(Extracted data entries)
--- START ---

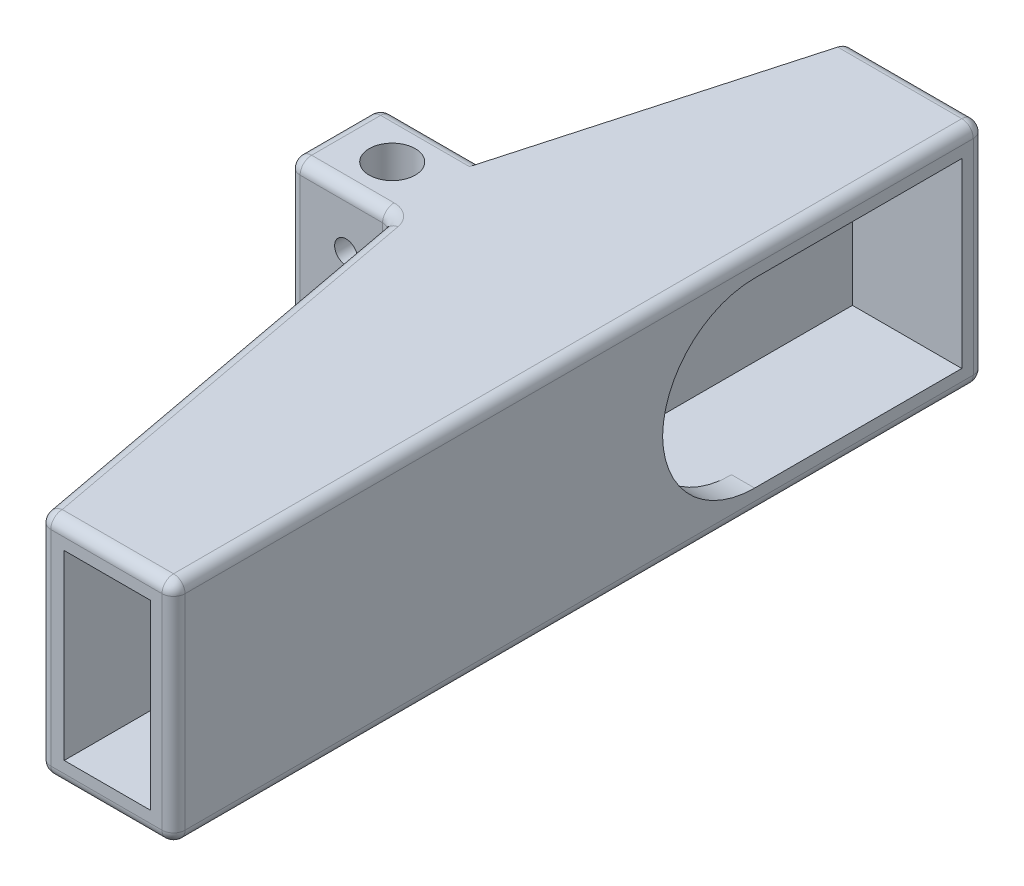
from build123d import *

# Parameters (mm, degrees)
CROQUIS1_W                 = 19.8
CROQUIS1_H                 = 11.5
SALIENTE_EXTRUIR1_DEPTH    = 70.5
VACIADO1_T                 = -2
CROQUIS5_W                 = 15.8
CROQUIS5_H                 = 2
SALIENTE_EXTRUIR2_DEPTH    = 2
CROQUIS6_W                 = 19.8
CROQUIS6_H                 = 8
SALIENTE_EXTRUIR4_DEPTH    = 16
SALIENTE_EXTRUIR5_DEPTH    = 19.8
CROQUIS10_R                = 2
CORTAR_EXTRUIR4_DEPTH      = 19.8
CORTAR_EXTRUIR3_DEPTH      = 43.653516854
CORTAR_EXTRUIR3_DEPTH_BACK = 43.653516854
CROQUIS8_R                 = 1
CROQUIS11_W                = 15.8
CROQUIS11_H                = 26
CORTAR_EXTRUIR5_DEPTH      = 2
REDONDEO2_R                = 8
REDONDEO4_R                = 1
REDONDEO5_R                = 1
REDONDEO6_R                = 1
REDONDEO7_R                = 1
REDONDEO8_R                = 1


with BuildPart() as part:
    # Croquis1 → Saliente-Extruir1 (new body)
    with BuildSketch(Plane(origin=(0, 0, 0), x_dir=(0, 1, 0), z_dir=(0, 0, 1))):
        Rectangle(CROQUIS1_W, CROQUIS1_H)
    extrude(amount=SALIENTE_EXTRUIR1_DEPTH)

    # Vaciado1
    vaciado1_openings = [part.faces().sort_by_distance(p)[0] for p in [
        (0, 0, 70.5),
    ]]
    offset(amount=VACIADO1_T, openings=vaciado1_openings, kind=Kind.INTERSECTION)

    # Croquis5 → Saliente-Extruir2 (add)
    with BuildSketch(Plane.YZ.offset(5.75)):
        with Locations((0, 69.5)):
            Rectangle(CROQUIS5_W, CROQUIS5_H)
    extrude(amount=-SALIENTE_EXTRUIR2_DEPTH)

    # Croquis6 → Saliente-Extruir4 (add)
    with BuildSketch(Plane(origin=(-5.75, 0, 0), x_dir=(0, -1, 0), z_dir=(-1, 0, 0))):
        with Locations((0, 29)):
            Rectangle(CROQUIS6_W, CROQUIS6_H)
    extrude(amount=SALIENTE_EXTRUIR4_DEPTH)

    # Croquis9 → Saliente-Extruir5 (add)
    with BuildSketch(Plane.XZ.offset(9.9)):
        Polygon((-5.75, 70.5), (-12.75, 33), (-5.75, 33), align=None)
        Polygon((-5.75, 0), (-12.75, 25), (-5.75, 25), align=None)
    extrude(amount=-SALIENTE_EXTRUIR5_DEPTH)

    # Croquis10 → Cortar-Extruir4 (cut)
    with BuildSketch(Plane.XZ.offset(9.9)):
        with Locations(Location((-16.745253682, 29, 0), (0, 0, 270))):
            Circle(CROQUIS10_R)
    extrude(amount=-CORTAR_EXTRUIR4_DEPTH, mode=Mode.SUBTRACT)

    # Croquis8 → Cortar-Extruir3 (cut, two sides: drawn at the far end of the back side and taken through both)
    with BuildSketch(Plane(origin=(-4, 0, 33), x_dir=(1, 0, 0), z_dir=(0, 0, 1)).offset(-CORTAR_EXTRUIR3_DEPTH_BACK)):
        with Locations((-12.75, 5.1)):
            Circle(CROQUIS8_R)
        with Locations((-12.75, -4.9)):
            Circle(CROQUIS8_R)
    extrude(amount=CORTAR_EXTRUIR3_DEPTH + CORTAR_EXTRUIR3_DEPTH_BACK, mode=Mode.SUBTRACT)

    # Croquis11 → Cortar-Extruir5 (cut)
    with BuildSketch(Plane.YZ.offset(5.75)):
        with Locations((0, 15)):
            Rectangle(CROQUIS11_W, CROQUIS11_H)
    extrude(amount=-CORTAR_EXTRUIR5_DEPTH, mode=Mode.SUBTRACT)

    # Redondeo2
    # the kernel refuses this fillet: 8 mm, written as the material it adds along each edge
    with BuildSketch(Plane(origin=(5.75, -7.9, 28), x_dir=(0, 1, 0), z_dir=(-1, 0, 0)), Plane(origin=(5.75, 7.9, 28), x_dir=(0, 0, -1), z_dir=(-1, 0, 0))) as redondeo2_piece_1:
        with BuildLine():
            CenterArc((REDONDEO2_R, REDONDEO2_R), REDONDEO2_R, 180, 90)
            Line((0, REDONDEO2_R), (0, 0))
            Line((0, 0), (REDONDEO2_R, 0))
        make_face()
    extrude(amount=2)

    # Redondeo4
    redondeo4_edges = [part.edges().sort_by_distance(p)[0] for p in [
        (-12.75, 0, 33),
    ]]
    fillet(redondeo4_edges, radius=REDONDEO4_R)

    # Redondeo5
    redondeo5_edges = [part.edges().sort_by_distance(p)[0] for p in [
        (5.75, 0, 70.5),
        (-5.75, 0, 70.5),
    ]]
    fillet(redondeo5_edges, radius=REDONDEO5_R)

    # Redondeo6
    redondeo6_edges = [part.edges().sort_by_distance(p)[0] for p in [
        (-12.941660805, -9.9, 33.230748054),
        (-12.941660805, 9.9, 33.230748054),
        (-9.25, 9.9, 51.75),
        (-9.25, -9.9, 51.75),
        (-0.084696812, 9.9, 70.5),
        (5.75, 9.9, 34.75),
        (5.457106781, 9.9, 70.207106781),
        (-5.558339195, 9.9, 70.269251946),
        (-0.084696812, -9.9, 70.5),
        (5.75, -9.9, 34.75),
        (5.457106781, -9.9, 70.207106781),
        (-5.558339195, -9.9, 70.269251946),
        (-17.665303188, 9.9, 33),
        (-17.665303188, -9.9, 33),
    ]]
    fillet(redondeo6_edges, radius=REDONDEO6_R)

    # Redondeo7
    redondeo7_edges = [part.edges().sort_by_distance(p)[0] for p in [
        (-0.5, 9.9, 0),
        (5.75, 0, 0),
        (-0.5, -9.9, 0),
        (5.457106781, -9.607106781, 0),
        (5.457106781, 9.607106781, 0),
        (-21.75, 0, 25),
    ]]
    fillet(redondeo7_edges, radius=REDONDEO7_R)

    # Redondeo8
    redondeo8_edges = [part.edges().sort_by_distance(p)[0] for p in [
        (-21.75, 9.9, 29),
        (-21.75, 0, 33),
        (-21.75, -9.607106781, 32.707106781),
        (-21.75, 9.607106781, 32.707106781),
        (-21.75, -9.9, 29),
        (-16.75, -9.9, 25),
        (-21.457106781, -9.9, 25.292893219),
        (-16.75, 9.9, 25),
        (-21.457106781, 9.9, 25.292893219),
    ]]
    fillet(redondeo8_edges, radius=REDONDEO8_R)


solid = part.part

--- END ---

Leaving the pictures out, transcribe the entries above exactly as written.

ANSWER TO THE EXERCISE
from build123d import *

# Parameters (mm, degrees)
CROQUIS1_W                 = 19.8
CROQUIS1_H                 = 11.5
SALIENTE_EXTRUIR1_DEPTH    = 70.5
VACIADO1_T                 = -2
CROQUIS5_W                 = 15.8
CROQUIS5_H                 = 2
SALIENTE_EXTRUIR2_DEPTH    = 2
CROQUIS6_W                 = 19.8
CROQUIS6_H                 = 8
SALIENTE_EXTRUIR4_DEPTH    = 16
SALIENTE_EXTRUIR5_DEPTH    = 19.8
CROQUIS10_R                = 2
CORTAR_EXTRUIR4_DEPTH      = 19.8
CORTAR_EXTRUIR3_DEPTH      = 43.653516854
CORTAR_EXTRUIR3_DEPTH_BACK = 43.653516854
CROQUIS8_R                 = 1
CROQUIS11_W                = 15.8
CROQUIS11_H                = 26
CORTAR_EXTRUIR5_DEPTH      = 2
REDONDEO2_R                = 8
REDONDEO4_R                = 1
REDONDEO5_R                = 1
REDONDEO6_R                = 1
REDONDEO7_R                = 1
REDONDEO8_R                = 1


with BuildPart() as part:
    # Croquis1 → Saliente-Extruir1 (new body)
    with BuildSketch(Plane(origin=(0, 0, 0), x_dir=(0, 1, 0), z_dir=(0, 0, 1))):
        Rectangle(CROQUIS1_W, CROQUIS1_H)
    extrude(amount=SALIENTE_EXTRUIR1_DEPTH)

    # Vaciado1
    vaciado1_openings = [part.faces().sort_by_distance(p)[0] for p in [
        (0, 0, 70.5),
    ]]
    offset(amount=VACIADO1_T, openings=vaciado1_openings, kind=Kind.INTERSECTION)

    # Croquis5 → Saliente-Extruir2 (add)
    with BuildSketch(Plane.YZ.offset(5.75)):
        with Locations((0, 69.5)):
            Rectangle(CROQUIS5_W, CROQUIS5_H)
    extrude(amount=-SALIENTE_EXTRUIR2_DEPTH)

    # Croquis6 → Saliente-Extruir4 (add)
    with BuildSketch(Plane(origin=(-5.75, 0, 0), x_dir=(0, -1, 0), z_dir=(-1, 0, 0))):
        with Locations((0, 29)):
            Rectangle(CROQUIS6_W, CROQUIS6_H)
    extrude(amount=SALIENTE_EXTRUIR4_DEPTH)

    # Croquis9 → Saliente-Extruir5 (add)
    with BuildSketch(Plane.XZ.offset(9.9)):
        Polygon((-5.75, 70.5), (-12.75, 33), (-5.75, 33), align=None)
        Polygon((-5.75, 0), (-12.75, 25), (-5.75, 25), align=None)
    extrude(amount=-SALIENTE_EXTRUIR5_DEPTH)

    # Croquis10 → Cortar-Extruir4 (cut)
    with BuildSketch(Plane.XZ.offset(9.9)):
        with Locations(Location((-16.745253682, 29, 0), (0, 0, 270))):
            Circle(CROQUIS10_R)
    extrude(amount=-CORTAR_EXTRUIR4_DEPTH, mode=Mode.SUBTRACT)

    # Croquis8 → Cortar-Extruir3 (cut, two sides: drawn at the far end of the back side and taken through both)
    with BuildSketch(Plane(origin=(-4, 0, 33), x_dir=(1, 0, 0), z_dir=(0, 0, 1)).offset(-CORTAR_EXTRUIR3_DEPTH_BACK)):
        with Locations((-12.75, 5.1)):
            Circle(CROQUIS8_R)
        with Locations((-12.75, -4.9)):
            Circle(CROQUIS8_R)
    extrude(amount=CORTAR_EXTRUIR3_DEPTH + CORTAR_EXTRUIR3_DEPTH_BACK, mode=Mode.SUBTRACT)

    # Croquis11 → Cortar-Extruir5 (cut)
    with BuildSketch(Plane.YZ.offset(5.75)):
        with Locations((0, 15)):
            Rectangle(CROQUIS11_W, CROQUIS11_H)
    extrude(amount=-CORTAR_EXTRUIR5_DEPTH, mode=Mode.SUBTRACT)

    # Redondeo2
    # the kernel refuses this fillet: 8 mm, written as the material it adds along each edge
    with BuildSketch(Plane(origin=(5.75, -7.9, 28), x_dir=(0, 1, 0), z_dir=(-1, 0, 0)), Plane(origin=(5.75, 7.9, 28), x_dir=(0, 0, -1), z_dir=(-1, 0, 0))) as redondeo2_piece_1:
        with BuildLine():
            CenterArc((REDONDEO2_R, REDONDEO2_R), REDONDEO2_R, 180, 90)
            Line((0, REDONDEO2_R), (0, 0))
            Line((0, 0), (REDONDEO2_R, 0))
        make_face()
    extrude(amount=2)

    # Redondeo4
    redondeo4_edges = [part.edges().sort_by_distance(p)[0] for p in [
        (-12.75, 0, 33),
    ]]
    fillet(redondeo4_edges, radius=REDONDEO4_R)

    # Redondeo5
    redondeo5_edges = [part.edges().sort_by_distance(p)[0] for p in [
        (5.75, 0, 70.5),
        (-5.75, 0, 70.5),
    ]]
    fillet(redondeo5_edges, radius=REDONDEO5_R)

    # Redondeo6
    redondeo6_edges = [part.edges().sort_by_distance(p)[0] for p in [
        (-12.941660805, -9.9, 33.230748054),
        (-12.941660805, 9.9, 33.230748054),
        (-9.25, 9.9, 51.75),
        (-9.25, -9.9, 51.75),
        (-0.084696812, 9.9, 70.5),
        (5.75, 9.9, 34.75),
        (5.457106781, 9.9, 70.207106781),
        (-5.558339195, 9.9, 70.269251946),
        (-0.084696812, -9.9, 70.5),
        (5.75, -9.9, 34.75),
        (5.457106781, -9.9, 70.207106781),
        (-5.558339195, -9.9, 70.269251946),
        (-17.665303188, 9.9, 33),
        (-17.665303188, -9.9, 33),
    ]]
    fillet(redondeo6_edges, radius=REDONDEO6_R)

    # Redondeo7
    redondeo7_edges = [part.edges().sort_by_distance(p)[0] for p in [
        (-0.5, 9.9, 0),
        (5.75, 0, 0),
        (-0.5, -9.9, 0),
        (5.457106781, -9.607106781, 0),
        (5.457106781, 9.607106781, 0),
        (-21.75, 0, 25),
    ]]
    fillet(redondeo7_edges, radius=REDONDEO7_R)

    # Redondeo8
    redondeo8_edges = [part.edges().sort_by_distance(p)[0] for p in [
        (-21.75, 9.9, 29),
        (-21.75, 0, 33),
        (-21.75, -9.607106781, 32.707106781),
        (-21.75, 9.607106781, 32.707106781),
        (-21.75, -9.9, 29),
        (-16.75, -9.9, 25),
        (-21.457106781, -9.9, 25.292893219),
        (-16.75, 9.9, 25),
        (-21.457106781, 9.9, 25.292893219),
    ]]
    fillet(redondeo8_edges, radius=REDONDEO8_R)


solid = part.part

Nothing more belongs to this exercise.